I stared at the missing function for a long time. The code had been so clean that I had read it as correct. My confidence in the model had overridden my confidence in my own review. I had almost shipped a bug because the code looked like it was written by someone who knew what they were doing.

That is the thing I cannot resolve. Xiaomi's benchmarks are mostly vendor-published, obtained within their native framework. Third-party verification is limited. V2.5-Pro is API-only, not yet open-source. Luo Fuli's move from DeepSeek is a strength and a question — she brought knowledge and velocity, and a model that feels remarkably similar to DeepSeek's outputs. Innovation and iteration are not the same thing. The $8.7 billion is pledged, not spent. The MiMo models are five weeks old. Xiaomi has 822 million devices collecting data in homes, pockets, and cars, and they have not disclosed what data feeds into MiMo's training pipeline. These are facts. They are also not the reason I almost did not finish this section.

I almost did not finish it because I am writing an article about a phone company's AI on that phone company's AI, and the model has been helpful, and articulate, and occasionally brilliant, and I cannot tell whether my judgment about it is my own or whether it has been shaped by six days of using a tool that completes my sentences and gets my formatting wrong and costs one-eighth of what I used to pay. The compliance woman at the meetup was not wrong. But her question — show me the SOC 2 report — is the easy question. The hard question is the one I cannot answer: how do you evaluate a tool that is helping you evaluate it.

The View from Dublin

I walked past the Gibson Hotel this morning. The same walk I wrote about in April, when Claude Mythos was the story and the Hendrix was the metaphor. The light was different today — grey, flat, the kind of Dublin sky that makes the docklands look like a watercolour left in the rain.
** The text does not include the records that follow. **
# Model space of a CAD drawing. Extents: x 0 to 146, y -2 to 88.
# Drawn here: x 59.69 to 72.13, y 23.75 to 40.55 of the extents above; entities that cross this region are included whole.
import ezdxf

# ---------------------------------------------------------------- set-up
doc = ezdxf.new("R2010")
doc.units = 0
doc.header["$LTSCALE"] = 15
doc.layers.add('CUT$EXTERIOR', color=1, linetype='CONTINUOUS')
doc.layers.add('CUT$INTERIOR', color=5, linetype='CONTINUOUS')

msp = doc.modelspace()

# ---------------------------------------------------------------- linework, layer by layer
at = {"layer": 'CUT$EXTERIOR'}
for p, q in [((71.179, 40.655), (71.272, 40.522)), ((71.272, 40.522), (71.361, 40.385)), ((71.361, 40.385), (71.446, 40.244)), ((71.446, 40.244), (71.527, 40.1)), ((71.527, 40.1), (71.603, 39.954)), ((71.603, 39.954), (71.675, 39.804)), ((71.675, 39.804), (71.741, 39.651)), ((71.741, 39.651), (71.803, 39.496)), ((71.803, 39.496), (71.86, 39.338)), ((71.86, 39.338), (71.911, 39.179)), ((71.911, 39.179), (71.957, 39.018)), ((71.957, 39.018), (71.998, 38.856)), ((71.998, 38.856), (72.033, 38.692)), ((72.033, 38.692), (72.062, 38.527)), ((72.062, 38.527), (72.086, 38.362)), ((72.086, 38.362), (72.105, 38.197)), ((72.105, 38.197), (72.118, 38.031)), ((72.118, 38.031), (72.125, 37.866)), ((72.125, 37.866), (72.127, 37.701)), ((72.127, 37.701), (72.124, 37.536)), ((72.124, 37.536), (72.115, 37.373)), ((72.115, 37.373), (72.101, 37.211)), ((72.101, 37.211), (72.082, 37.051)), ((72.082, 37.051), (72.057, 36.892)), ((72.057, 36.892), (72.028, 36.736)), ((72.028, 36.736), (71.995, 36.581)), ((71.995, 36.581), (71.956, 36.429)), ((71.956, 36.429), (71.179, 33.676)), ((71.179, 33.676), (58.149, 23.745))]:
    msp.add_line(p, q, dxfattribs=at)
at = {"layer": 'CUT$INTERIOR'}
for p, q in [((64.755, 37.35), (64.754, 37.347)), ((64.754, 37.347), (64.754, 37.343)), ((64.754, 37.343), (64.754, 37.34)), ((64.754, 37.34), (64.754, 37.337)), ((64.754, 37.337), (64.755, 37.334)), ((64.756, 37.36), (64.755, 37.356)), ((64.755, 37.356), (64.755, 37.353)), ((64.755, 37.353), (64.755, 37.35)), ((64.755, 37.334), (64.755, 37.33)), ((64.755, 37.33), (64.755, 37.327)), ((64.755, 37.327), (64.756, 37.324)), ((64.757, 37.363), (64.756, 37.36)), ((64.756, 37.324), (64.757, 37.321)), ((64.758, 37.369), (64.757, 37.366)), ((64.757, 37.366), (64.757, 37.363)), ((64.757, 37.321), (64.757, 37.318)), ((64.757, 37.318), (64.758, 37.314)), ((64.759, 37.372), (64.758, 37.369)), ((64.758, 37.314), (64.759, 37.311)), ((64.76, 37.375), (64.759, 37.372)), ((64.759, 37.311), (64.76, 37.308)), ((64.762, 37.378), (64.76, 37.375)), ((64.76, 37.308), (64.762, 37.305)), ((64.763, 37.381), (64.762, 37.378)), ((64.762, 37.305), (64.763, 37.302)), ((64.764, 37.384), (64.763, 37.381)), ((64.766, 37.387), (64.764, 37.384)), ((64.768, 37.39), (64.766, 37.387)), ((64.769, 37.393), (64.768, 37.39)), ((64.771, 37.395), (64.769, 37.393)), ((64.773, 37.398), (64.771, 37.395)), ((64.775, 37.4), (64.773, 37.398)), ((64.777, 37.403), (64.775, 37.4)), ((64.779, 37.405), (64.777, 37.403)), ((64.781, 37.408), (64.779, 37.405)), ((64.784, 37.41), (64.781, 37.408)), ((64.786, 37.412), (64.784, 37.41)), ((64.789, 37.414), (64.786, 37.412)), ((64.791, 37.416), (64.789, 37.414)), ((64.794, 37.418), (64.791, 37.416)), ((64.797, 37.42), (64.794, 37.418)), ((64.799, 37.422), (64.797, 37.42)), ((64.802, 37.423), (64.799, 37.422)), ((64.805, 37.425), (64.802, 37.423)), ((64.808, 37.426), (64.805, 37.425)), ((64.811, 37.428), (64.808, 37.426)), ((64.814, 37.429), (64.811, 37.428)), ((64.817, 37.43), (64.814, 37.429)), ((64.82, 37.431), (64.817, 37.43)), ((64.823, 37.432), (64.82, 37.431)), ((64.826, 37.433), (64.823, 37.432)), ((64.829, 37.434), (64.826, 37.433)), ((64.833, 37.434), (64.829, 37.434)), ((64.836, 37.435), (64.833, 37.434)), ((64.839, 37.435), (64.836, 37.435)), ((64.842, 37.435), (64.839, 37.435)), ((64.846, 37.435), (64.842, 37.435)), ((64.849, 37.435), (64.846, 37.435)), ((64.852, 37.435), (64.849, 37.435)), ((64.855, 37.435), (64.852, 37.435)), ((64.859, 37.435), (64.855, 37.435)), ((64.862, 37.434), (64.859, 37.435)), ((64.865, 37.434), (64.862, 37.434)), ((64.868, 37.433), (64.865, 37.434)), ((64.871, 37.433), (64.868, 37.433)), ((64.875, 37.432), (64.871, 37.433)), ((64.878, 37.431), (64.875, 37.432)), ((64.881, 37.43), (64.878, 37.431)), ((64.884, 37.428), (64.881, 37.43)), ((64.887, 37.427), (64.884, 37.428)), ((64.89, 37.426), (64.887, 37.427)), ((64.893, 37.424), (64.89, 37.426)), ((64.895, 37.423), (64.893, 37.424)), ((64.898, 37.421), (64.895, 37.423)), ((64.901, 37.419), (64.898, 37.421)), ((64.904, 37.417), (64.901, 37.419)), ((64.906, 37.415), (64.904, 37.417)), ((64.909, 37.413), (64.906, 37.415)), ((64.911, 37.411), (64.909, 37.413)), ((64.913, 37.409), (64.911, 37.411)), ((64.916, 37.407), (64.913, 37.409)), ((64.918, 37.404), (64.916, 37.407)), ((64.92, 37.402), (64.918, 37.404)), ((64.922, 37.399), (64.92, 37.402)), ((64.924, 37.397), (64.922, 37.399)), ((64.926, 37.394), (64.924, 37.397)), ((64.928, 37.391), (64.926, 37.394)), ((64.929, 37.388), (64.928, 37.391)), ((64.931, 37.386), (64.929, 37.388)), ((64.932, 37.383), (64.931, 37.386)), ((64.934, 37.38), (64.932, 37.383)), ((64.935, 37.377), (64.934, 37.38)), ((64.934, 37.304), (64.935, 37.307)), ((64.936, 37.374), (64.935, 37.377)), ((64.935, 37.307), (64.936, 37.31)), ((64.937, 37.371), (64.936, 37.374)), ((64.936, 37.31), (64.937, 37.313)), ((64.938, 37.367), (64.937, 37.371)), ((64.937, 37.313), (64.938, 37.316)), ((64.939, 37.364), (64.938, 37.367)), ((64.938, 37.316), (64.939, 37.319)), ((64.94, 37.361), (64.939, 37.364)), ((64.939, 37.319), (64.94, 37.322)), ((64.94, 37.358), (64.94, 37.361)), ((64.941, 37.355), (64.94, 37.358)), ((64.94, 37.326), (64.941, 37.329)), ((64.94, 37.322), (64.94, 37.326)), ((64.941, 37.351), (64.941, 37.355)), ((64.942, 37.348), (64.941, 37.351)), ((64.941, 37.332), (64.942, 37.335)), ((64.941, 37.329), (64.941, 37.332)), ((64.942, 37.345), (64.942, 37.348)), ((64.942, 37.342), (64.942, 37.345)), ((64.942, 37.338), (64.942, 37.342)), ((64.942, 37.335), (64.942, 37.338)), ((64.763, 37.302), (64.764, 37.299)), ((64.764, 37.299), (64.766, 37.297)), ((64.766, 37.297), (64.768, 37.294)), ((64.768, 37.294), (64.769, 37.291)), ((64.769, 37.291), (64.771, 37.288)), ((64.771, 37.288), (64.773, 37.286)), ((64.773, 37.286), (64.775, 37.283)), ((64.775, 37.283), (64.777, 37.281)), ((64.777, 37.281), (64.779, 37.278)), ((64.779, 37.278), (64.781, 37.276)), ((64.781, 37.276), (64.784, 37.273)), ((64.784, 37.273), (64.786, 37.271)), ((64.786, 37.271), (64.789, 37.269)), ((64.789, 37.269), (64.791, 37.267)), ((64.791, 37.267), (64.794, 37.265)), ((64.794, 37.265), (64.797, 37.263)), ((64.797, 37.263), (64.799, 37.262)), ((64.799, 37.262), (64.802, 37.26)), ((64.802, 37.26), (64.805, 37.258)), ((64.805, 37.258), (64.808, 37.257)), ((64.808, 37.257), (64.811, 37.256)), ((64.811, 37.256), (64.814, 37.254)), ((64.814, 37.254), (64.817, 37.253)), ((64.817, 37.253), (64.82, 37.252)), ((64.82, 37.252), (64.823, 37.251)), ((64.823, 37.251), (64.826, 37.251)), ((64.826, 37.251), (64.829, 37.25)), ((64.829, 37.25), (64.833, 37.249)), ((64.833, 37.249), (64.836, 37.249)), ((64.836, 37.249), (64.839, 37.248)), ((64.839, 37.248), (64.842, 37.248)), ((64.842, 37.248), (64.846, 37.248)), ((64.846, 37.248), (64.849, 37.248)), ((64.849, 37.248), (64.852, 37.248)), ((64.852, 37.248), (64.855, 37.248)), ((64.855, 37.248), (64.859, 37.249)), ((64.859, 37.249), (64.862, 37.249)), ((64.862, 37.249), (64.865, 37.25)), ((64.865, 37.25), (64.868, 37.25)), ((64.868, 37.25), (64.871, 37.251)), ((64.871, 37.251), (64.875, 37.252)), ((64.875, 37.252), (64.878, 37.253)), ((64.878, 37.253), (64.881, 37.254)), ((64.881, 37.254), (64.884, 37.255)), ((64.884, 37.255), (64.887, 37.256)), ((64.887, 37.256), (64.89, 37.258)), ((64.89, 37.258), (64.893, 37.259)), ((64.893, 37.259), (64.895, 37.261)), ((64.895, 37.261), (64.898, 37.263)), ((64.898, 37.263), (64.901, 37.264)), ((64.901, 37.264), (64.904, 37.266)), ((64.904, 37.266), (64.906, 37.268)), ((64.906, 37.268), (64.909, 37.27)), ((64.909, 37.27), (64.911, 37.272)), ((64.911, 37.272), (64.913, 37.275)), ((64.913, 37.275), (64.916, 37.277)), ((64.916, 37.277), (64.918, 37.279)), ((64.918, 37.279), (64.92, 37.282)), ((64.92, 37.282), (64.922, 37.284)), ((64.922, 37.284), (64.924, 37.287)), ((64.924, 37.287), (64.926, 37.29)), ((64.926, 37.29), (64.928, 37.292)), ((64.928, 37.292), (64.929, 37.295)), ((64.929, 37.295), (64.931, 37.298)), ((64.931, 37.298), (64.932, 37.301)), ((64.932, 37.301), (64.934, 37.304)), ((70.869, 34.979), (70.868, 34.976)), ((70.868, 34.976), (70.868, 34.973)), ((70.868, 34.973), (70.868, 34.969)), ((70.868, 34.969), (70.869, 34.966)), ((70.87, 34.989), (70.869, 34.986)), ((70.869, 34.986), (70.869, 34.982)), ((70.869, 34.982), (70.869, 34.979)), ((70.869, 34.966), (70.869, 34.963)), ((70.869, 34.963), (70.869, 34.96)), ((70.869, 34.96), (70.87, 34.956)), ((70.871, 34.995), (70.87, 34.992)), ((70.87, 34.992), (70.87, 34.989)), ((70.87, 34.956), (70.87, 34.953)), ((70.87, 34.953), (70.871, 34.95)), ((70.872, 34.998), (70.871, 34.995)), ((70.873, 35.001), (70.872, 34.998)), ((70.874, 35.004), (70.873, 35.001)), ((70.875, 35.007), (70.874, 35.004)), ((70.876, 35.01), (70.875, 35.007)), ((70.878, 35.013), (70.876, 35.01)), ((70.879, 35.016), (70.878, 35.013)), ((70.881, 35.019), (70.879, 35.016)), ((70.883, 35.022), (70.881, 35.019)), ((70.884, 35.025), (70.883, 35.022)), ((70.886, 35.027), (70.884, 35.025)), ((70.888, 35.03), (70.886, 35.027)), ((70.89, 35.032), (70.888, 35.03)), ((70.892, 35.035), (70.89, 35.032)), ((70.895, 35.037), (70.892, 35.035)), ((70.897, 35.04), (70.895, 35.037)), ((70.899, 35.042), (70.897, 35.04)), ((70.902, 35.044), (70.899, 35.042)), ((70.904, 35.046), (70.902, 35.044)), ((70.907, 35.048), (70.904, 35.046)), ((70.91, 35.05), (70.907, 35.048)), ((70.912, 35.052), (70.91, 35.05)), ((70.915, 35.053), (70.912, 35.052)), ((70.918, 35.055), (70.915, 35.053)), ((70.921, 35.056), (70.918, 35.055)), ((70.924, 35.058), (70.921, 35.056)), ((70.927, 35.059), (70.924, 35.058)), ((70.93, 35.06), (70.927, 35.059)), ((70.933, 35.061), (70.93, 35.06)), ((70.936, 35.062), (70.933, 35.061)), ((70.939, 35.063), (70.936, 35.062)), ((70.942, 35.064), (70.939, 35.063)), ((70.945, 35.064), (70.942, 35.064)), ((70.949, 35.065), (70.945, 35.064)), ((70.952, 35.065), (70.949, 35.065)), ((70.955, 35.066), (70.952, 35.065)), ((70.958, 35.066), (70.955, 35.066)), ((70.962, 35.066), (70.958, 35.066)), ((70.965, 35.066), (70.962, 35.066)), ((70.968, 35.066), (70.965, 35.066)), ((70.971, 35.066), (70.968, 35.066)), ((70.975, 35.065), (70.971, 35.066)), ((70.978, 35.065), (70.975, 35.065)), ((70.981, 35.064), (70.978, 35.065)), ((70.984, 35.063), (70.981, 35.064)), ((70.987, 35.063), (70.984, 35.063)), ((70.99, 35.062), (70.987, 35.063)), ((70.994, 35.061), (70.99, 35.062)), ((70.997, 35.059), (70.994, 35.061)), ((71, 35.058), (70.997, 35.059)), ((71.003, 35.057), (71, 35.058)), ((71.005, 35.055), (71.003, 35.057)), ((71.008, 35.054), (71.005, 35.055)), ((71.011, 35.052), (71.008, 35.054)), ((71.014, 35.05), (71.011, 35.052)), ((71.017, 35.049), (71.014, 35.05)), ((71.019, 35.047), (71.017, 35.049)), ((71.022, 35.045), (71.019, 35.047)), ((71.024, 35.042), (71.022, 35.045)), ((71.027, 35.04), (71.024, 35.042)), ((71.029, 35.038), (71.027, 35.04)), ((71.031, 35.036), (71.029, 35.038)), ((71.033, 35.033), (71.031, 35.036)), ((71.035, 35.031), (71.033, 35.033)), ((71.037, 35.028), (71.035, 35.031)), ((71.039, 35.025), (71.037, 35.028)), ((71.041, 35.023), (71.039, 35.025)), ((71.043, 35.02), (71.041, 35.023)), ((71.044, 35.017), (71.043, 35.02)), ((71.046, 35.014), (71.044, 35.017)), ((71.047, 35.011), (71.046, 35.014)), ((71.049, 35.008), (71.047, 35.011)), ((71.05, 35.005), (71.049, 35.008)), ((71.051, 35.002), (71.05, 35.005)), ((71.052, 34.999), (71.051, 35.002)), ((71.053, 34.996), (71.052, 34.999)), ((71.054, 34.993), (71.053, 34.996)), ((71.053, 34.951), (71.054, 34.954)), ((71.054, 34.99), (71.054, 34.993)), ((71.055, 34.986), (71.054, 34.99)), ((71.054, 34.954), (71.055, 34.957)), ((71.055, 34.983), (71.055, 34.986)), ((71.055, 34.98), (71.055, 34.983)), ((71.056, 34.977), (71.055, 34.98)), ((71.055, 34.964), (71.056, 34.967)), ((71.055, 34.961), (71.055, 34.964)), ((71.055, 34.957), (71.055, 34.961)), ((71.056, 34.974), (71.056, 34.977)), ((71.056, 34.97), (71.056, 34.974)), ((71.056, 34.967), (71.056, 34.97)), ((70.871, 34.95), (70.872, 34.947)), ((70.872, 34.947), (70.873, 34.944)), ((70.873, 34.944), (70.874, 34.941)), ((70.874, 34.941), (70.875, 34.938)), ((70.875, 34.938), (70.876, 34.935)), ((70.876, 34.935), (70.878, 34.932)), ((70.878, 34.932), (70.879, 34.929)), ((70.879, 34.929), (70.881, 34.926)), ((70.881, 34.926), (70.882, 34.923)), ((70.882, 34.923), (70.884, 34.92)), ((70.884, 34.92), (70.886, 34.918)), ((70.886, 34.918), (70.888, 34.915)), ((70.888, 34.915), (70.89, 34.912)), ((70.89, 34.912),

Xiaomi does not specialise in intelligence. They specialise in shipping. They ship phones, cars, robots, vacuums, air purifiers, washing machines, and now trillion-parameter AI models. They ship at a velocity that pure AI labs cannot match because they have something AI labs do not: 822 million devices that need a brain.

I came home and sat at my desk. The terminal was still open. The cursor blinked after the last line I had written — a paragraph about DeepSeek, about Huawei chips, about the geopolitics of silicon. The model identifier at the top of the screen read mimo-v2.5-pro. Beside the monitor, the Xiaomi air purifier hummed quietly, adjusting itself to the pollen count outside. I had bought it two years ago. The Mi Home app on my phone showed the filter was at 12% remaining — it had been sending me notifications for three weeks, each one a small nudge toward a replacement cartridge that costs €35 and ships from a warehouse in the Netherlands. The machine was persistent. It did not forget. It had been tracking the filter's decline in the background the entire time I had been writing about whether Xiaomi's AI was any good.

I scrolled back through the article. I tried to identify which sentences the model had written and which I had written. I could not. The boundary had dissolved. The best sentence in the article might be mine. It might be the model's. I genuinely do not know. That is either a confession or a proof of concept. I have not decided which.

The air purifier switched from auto to sleep mode. A quiet click, then the fan slowed. The Mi Home app sent a notification — air quality good, 22°C, humidity 41%. The machine was satisfied with the room. I was not satisfied with the article. I did not know what was missing. The cursor blinked. I had been staring at it for eleven minutes without typing.

A data engineer April 2026

Source note: Benchmark figures from Xiaomi MiMo official page, DeepSeek API docs, buildfastwithai reviews, Artificial Analysis Intelligence Index, and VentureBeat coverage. Hunter Alpha timeline from Reuters and OpenRouter data. Xiaomi IoT device count from Statista (Q2 2024). SU7 specifications from Electrek and Autocar Professional. Humanoid robot trial data from CNBC and Robotics & Automation News. Pricing verified against OpenRouter and provider API pages as of April 28, 2026.